=== DESCRIPTION OF THE TASK ===
From the entries below, reproduce exactly the line containing "arc A0 (11, 45.2)", the line containing "line L0 (0, 0) -> (62.3538, 36)", and every line in between, with nothing added.

=== DATA PROVIDED ===
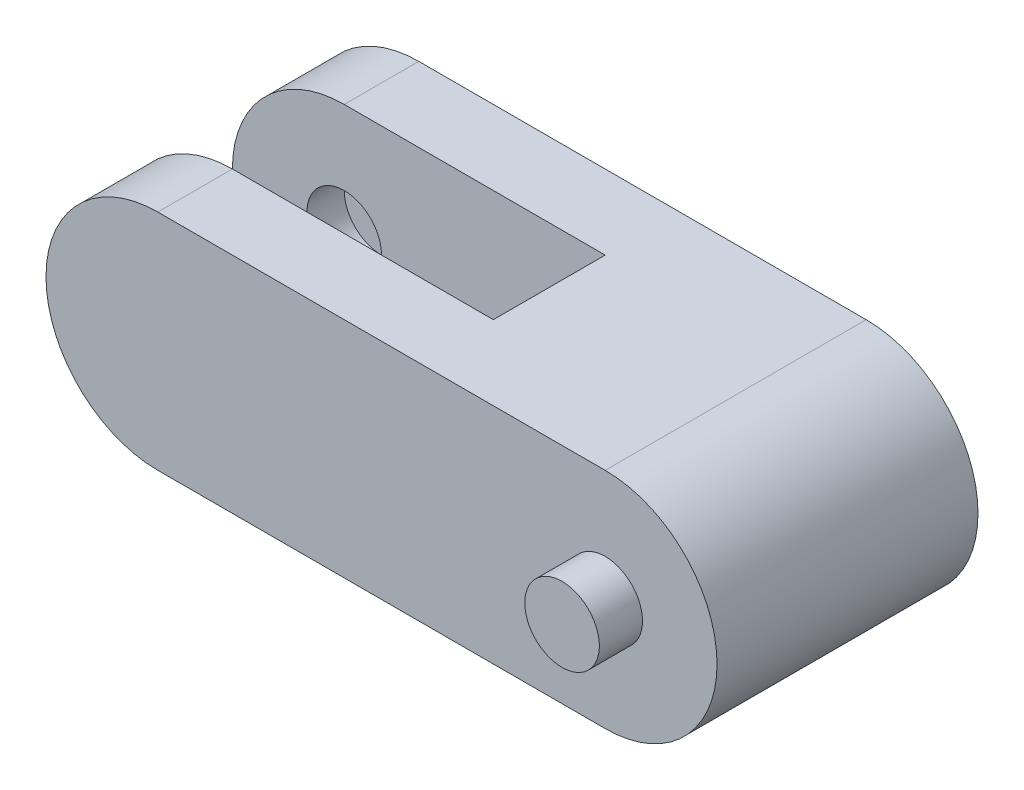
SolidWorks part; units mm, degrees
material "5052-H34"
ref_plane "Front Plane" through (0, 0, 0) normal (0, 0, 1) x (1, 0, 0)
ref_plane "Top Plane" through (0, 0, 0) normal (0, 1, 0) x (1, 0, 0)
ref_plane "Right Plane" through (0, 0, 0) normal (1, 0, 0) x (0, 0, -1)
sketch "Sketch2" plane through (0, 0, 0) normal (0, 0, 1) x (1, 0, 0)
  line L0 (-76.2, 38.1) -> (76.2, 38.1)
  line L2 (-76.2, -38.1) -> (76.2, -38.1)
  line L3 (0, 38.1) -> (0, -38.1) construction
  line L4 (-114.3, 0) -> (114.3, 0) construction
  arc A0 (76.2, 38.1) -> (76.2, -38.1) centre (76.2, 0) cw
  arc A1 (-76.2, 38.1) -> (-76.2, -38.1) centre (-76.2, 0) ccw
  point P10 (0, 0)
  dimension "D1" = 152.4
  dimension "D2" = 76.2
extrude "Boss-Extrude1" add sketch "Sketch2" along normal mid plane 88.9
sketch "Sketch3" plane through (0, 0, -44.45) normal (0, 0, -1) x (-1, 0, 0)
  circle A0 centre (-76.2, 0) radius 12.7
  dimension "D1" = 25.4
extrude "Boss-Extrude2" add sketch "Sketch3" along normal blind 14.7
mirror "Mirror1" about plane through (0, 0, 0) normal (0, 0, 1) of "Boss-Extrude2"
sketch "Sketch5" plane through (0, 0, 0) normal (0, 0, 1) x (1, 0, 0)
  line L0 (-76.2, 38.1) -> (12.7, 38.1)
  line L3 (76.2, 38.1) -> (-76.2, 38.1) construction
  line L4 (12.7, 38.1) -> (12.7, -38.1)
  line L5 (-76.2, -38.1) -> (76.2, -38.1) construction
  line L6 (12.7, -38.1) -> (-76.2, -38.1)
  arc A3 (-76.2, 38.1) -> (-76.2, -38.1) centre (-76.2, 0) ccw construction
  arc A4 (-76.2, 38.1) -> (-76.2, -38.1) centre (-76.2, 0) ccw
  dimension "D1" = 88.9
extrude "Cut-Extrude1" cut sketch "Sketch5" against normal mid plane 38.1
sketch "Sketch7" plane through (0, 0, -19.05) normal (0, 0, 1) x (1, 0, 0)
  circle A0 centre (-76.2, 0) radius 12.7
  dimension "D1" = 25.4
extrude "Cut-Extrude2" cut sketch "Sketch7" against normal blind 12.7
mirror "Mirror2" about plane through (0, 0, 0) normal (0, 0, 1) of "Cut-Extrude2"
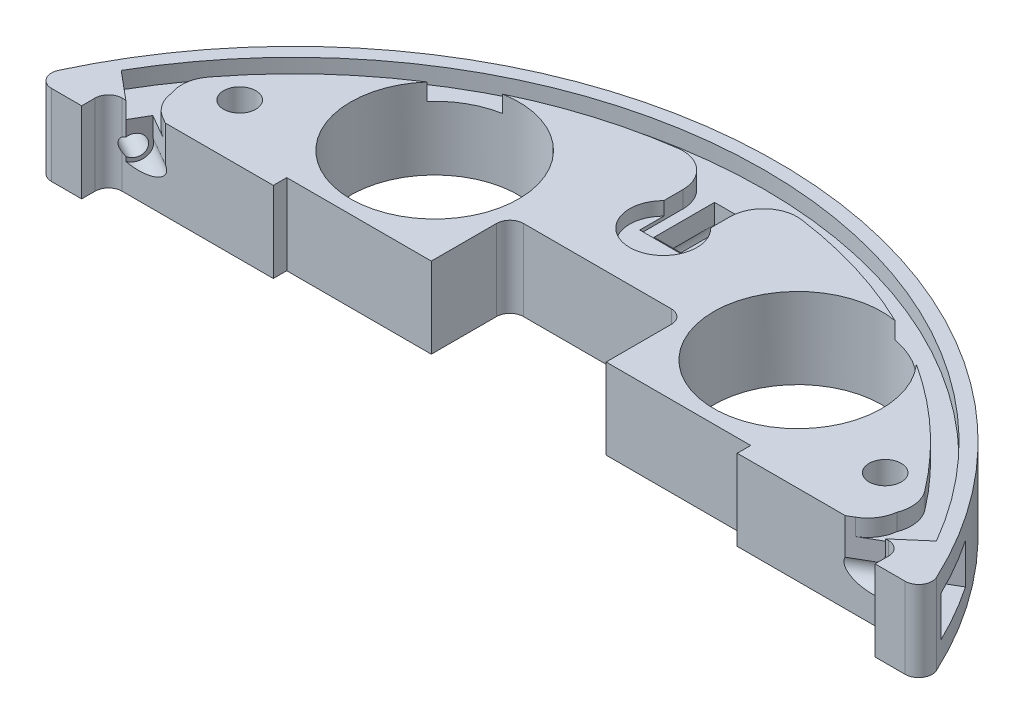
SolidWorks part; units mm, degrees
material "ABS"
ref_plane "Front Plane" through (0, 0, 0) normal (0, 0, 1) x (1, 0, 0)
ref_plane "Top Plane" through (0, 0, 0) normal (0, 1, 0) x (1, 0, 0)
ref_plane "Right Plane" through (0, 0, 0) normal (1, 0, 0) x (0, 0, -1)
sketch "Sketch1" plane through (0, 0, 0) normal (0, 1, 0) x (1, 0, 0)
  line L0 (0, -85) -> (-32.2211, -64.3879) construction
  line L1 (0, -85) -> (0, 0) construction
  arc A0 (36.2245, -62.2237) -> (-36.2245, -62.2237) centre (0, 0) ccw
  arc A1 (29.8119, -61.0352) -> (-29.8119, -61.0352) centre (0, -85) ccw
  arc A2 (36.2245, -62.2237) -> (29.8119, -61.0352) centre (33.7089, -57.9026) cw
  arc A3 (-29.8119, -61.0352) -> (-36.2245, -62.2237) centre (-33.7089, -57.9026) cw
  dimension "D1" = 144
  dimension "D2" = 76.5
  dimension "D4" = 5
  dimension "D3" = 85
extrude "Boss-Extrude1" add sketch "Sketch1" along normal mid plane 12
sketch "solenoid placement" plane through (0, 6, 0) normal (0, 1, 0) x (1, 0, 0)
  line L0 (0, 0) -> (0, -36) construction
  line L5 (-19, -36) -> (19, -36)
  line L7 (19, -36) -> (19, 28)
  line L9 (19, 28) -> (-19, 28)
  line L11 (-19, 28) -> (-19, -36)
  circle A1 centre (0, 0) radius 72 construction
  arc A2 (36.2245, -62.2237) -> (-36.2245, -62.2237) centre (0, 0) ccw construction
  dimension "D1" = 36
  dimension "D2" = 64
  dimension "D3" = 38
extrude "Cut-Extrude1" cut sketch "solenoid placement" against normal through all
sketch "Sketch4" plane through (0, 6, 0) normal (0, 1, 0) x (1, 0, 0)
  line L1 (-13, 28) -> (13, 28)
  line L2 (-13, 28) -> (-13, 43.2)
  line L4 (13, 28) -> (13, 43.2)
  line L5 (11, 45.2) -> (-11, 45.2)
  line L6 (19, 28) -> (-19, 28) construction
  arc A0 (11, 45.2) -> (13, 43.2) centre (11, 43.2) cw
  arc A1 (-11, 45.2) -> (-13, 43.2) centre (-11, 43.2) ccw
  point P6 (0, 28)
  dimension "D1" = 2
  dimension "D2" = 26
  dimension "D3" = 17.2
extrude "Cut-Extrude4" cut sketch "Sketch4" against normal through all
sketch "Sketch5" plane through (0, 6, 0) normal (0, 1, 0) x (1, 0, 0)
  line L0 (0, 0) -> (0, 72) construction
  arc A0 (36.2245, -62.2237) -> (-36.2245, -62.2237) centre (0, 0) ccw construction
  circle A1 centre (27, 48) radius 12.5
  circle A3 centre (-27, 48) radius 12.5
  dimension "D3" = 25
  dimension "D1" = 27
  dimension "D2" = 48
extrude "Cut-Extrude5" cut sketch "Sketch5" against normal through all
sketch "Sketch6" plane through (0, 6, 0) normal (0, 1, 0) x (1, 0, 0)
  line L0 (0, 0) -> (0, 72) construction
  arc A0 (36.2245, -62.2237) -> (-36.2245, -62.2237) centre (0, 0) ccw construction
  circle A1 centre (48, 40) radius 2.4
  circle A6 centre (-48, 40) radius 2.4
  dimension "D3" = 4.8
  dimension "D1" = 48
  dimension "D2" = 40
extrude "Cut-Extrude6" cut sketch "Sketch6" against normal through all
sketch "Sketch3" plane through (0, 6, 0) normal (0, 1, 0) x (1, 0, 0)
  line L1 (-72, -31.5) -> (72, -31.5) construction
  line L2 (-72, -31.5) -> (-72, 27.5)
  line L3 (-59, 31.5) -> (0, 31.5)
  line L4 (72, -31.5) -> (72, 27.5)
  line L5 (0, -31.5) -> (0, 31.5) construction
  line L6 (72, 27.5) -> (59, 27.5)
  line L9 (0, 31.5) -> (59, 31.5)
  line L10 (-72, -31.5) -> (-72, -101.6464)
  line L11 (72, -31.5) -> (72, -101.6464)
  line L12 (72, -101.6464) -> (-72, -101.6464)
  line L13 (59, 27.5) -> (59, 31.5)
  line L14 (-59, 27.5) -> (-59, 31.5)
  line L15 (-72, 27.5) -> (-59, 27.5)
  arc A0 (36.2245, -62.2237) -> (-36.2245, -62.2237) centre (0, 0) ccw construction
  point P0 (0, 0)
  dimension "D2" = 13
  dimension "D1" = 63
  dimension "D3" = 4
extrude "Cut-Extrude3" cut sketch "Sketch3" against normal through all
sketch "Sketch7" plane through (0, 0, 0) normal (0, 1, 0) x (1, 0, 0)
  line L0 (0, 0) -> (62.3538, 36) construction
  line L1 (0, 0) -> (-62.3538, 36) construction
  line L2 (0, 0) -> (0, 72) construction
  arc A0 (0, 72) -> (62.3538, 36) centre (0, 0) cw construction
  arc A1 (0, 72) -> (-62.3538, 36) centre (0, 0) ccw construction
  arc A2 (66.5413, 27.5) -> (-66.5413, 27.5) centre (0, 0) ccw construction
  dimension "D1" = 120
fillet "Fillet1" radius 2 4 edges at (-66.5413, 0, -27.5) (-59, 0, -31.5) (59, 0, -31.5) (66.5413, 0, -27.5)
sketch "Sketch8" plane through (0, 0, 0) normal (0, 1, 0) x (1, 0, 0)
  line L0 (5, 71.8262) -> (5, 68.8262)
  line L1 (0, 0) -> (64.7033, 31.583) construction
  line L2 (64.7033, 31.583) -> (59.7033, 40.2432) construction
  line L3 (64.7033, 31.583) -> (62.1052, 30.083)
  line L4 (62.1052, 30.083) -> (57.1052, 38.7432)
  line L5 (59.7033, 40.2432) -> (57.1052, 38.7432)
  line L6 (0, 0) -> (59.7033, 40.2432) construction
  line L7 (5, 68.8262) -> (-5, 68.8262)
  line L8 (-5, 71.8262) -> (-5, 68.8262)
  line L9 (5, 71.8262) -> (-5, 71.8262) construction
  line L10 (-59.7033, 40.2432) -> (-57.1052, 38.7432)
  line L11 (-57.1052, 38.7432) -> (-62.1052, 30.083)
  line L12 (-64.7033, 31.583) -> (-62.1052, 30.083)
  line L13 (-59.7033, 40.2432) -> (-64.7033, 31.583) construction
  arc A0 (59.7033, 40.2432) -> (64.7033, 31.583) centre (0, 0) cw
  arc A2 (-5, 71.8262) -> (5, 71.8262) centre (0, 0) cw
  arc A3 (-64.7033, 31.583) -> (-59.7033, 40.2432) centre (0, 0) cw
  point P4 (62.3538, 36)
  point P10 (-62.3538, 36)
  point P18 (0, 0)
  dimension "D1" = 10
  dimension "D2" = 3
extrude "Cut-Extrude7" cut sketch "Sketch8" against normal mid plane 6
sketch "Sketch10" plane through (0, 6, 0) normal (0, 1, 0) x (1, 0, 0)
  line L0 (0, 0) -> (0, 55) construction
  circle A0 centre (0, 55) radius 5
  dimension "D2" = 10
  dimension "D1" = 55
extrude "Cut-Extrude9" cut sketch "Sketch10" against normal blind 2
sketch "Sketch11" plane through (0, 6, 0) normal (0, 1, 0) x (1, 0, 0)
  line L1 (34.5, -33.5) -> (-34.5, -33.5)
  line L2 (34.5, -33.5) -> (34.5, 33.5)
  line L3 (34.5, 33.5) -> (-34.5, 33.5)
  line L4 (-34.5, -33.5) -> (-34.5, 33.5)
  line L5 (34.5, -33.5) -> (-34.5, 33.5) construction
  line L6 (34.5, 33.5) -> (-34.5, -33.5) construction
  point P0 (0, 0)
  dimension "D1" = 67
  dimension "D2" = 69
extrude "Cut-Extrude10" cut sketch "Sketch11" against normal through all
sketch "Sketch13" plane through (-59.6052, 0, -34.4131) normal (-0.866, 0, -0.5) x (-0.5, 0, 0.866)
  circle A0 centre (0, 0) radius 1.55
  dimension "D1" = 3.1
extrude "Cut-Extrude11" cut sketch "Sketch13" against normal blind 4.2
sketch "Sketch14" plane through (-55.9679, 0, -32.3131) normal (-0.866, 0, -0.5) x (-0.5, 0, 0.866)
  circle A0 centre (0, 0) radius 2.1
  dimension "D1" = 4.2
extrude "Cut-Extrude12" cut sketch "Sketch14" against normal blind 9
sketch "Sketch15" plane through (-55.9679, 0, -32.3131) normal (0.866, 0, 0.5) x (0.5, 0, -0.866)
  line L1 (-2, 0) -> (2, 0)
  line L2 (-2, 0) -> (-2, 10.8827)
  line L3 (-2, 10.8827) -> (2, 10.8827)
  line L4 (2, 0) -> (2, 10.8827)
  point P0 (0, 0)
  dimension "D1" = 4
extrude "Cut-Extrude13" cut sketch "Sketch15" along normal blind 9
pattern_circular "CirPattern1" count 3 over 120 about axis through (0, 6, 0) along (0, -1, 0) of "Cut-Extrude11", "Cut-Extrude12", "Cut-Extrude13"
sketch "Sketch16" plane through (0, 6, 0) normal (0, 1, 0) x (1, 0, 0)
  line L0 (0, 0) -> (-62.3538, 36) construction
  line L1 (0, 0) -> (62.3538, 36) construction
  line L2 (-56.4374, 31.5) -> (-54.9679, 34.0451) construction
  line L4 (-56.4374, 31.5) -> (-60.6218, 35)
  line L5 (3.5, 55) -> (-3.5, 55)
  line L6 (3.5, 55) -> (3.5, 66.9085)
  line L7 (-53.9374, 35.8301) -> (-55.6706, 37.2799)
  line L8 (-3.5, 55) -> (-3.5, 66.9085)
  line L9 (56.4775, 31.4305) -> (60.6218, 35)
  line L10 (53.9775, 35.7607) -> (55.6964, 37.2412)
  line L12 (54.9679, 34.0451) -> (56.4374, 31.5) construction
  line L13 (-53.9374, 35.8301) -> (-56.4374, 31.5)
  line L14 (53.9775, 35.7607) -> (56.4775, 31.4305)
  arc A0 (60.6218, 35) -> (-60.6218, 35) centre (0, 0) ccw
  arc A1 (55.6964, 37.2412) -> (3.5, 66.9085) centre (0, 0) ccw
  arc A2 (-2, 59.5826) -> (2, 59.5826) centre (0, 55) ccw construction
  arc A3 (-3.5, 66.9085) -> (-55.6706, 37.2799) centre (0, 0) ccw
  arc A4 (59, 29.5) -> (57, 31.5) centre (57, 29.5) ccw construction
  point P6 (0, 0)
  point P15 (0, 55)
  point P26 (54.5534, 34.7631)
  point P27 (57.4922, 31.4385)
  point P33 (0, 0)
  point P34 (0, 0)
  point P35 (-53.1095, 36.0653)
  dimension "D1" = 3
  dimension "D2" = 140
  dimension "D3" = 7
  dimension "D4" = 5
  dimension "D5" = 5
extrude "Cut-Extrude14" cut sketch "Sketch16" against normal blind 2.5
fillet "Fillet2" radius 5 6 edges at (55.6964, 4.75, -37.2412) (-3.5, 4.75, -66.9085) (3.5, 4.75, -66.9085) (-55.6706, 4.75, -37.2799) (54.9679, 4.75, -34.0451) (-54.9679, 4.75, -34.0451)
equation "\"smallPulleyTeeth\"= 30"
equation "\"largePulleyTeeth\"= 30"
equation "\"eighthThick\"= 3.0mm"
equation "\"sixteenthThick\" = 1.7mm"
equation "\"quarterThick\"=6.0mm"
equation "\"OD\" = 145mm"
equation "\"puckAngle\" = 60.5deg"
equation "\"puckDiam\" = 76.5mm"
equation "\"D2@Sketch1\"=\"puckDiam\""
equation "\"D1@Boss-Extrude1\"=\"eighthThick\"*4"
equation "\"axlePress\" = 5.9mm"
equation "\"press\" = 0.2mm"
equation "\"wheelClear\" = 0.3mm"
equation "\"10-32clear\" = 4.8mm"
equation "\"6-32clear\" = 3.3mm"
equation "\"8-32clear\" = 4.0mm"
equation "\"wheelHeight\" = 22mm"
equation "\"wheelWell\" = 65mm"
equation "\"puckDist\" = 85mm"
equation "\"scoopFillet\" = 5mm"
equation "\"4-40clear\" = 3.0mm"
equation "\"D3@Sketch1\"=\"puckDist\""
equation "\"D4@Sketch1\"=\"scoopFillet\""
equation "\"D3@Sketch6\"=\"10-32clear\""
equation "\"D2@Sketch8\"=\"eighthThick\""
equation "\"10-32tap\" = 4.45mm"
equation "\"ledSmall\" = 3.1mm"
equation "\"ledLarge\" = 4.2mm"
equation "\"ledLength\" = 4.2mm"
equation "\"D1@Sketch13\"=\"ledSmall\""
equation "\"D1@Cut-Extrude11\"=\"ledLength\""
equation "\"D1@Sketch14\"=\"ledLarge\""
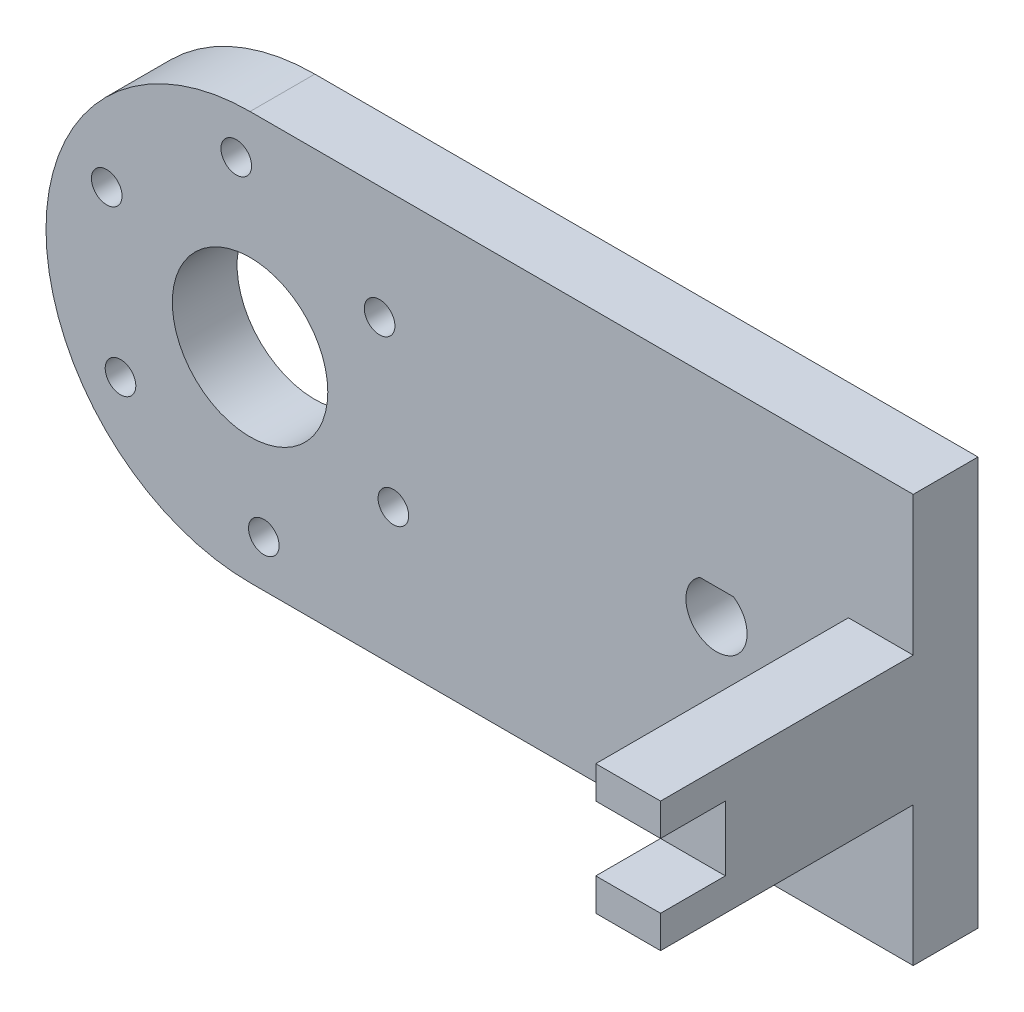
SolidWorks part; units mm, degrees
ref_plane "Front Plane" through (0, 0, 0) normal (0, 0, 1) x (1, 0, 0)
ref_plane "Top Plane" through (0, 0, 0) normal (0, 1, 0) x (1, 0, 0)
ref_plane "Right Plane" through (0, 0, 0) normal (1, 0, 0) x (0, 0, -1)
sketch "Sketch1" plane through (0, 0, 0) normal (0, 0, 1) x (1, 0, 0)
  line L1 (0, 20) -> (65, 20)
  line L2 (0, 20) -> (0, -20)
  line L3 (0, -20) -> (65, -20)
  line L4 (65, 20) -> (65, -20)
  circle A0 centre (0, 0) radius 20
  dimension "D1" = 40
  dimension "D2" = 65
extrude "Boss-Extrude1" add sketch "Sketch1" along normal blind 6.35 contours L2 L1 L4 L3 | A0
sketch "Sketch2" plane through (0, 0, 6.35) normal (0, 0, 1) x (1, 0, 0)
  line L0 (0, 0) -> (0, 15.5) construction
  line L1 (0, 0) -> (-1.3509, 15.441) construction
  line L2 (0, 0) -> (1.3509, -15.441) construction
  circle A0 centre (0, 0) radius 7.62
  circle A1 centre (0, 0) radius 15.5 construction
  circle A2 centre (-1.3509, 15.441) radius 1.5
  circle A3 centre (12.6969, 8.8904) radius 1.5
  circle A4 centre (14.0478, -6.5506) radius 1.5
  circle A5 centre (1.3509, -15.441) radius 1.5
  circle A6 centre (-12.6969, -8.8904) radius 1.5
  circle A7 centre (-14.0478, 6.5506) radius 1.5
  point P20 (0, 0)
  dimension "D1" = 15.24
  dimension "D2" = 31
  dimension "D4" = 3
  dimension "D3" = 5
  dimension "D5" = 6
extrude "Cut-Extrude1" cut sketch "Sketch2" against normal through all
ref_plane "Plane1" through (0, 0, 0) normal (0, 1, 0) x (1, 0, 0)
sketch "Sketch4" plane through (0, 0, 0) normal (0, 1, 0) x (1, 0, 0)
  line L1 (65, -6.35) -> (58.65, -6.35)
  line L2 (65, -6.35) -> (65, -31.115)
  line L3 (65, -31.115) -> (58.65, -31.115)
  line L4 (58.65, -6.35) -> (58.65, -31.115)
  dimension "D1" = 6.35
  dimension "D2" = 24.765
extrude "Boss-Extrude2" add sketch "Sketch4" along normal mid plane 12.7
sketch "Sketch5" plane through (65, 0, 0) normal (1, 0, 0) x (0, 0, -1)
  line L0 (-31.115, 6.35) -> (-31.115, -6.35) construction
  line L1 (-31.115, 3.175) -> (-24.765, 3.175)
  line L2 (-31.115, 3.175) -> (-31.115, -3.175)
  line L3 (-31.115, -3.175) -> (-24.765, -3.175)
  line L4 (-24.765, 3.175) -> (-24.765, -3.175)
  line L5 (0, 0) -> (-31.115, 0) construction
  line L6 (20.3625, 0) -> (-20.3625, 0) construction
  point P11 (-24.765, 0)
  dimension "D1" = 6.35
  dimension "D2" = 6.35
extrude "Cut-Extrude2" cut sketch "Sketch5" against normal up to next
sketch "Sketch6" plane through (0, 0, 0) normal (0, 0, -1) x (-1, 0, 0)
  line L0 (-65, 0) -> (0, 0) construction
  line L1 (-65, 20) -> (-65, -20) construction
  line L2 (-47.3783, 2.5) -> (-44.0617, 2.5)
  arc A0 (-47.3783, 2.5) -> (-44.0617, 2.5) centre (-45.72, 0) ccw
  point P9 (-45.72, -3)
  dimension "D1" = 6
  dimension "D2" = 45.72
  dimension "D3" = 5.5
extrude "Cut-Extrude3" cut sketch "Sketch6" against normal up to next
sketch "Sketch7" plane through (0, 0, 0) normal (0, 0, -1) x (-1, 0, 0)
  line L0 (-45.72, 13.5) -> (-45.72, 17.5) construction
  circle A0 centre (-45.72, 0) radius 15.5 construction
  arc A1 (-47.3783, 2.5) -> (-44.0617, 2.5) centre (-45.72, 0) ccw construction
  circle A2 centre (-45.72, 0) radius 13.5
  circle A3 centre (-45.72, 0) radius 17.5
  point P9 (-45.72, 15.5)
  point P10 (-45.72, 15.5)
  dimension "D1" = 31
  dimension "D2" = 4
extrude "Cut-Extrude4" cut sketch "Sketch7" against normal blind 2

=== ANSWER ===
  arc A0 (11, 45.2) -> (13, 43.2) centre (11, 43.2) cw
  arc A1 (-11, 45.2) -> (-13, 43.2) centre (-11, 43.2) ccw
  point P6 (0, 28)
  dimension "D1" = 2
  dimension "D2" = 26
  dimension "D3" = 17.2
extrude "Cut-Extrude4" cut sketch "Sketch4" against normal through all
sketch "Sketch5" plane through (0, 6, 0) normal (0, 1, 0) x (1, 0, 0)
  line L0 (0, 0) -> (0, 72) construction
  arc A0 (36.2245, -62.2237) -> (-36.2245, -62.2237) centre (0, 0) ccw construction
  circle A1 centre (27, 48) radius 12.5
  circle A3 centre (-27, 48) radius 12.5
  dimension "D3" = 25
  dimension "D1" = 27
  dimension "D2" = 48
extrude "Cut-Extrude5" cut sketch "Sketch5" against normal through all
sketch "Sketch6" plane through (0, 6, 0) normal (0, 1, 0) x (1, 0, 0)
  line L0 (0, 0) -> (0, 72) construction
  arc A0 (36.2245, -62.2237) -> (-36.2245, -62.2237) centre (0, 0) ccw construction
  circle A1 centre (48, 40) radius 2.4
  circle A6 centre (-48, 40) radius 2.4
  dimension "D3" = 4.8
  dimension "D1" = 48
  dimension "D2" = 40
extrude "Cut-Extrude6" cut sketch "Sketch6" against normal through all
sketch "Sketch3" plane through (0, 6, 0) normal (0, 1, 0) x (1, 0, 0)
  line L1 (-72, -31.5) -> (72, -31.5) construction
  line L2 (-72, -31.5) -> (-72, 27.5)
  line L3 (-59, 31.5) -> (0, 31.5)
  line L4 (72, -31.5) -> (72, 27.5)
  line L5 (0, -31.5) -> (0, 31.5) construction
  line L6 (72, 27.5) -> (59, 27.5)
  line L9 (0, 31.5) -> (59, 31.5)
  line L10 (-72, -31.5) -> (-72, -101.6464)
  line L11 (72, -31.5) -> (72, -101.6464)
  line L12 (72, -101.6464) -> (-72, -101.6464)
  line L13 (59, 27.5) -> (59, 31.5)
  line L14 (-59, 27.5) -> (-59, 31.5)
  line L15 (-72, 27.5) -> (-59, 27.5)
  arc A0 (36.2245, -62.2237) -> (-36.2245, -62.2237) centre (0, 0) ccw construction
  point P0 (0, 0)
  dimension "D2" = 13
  dimension "D1" = 63
  dimension "D3" = 4
extrude "Cut-Extrude3" cut sketch "Sketch3" against normal through all
sketch "Sketch7" plane through (0, 0, 0) normal (0, 1, 0) x (1, 0, 0)
  line L0 (0, 0) -> (62.3538, 36) construction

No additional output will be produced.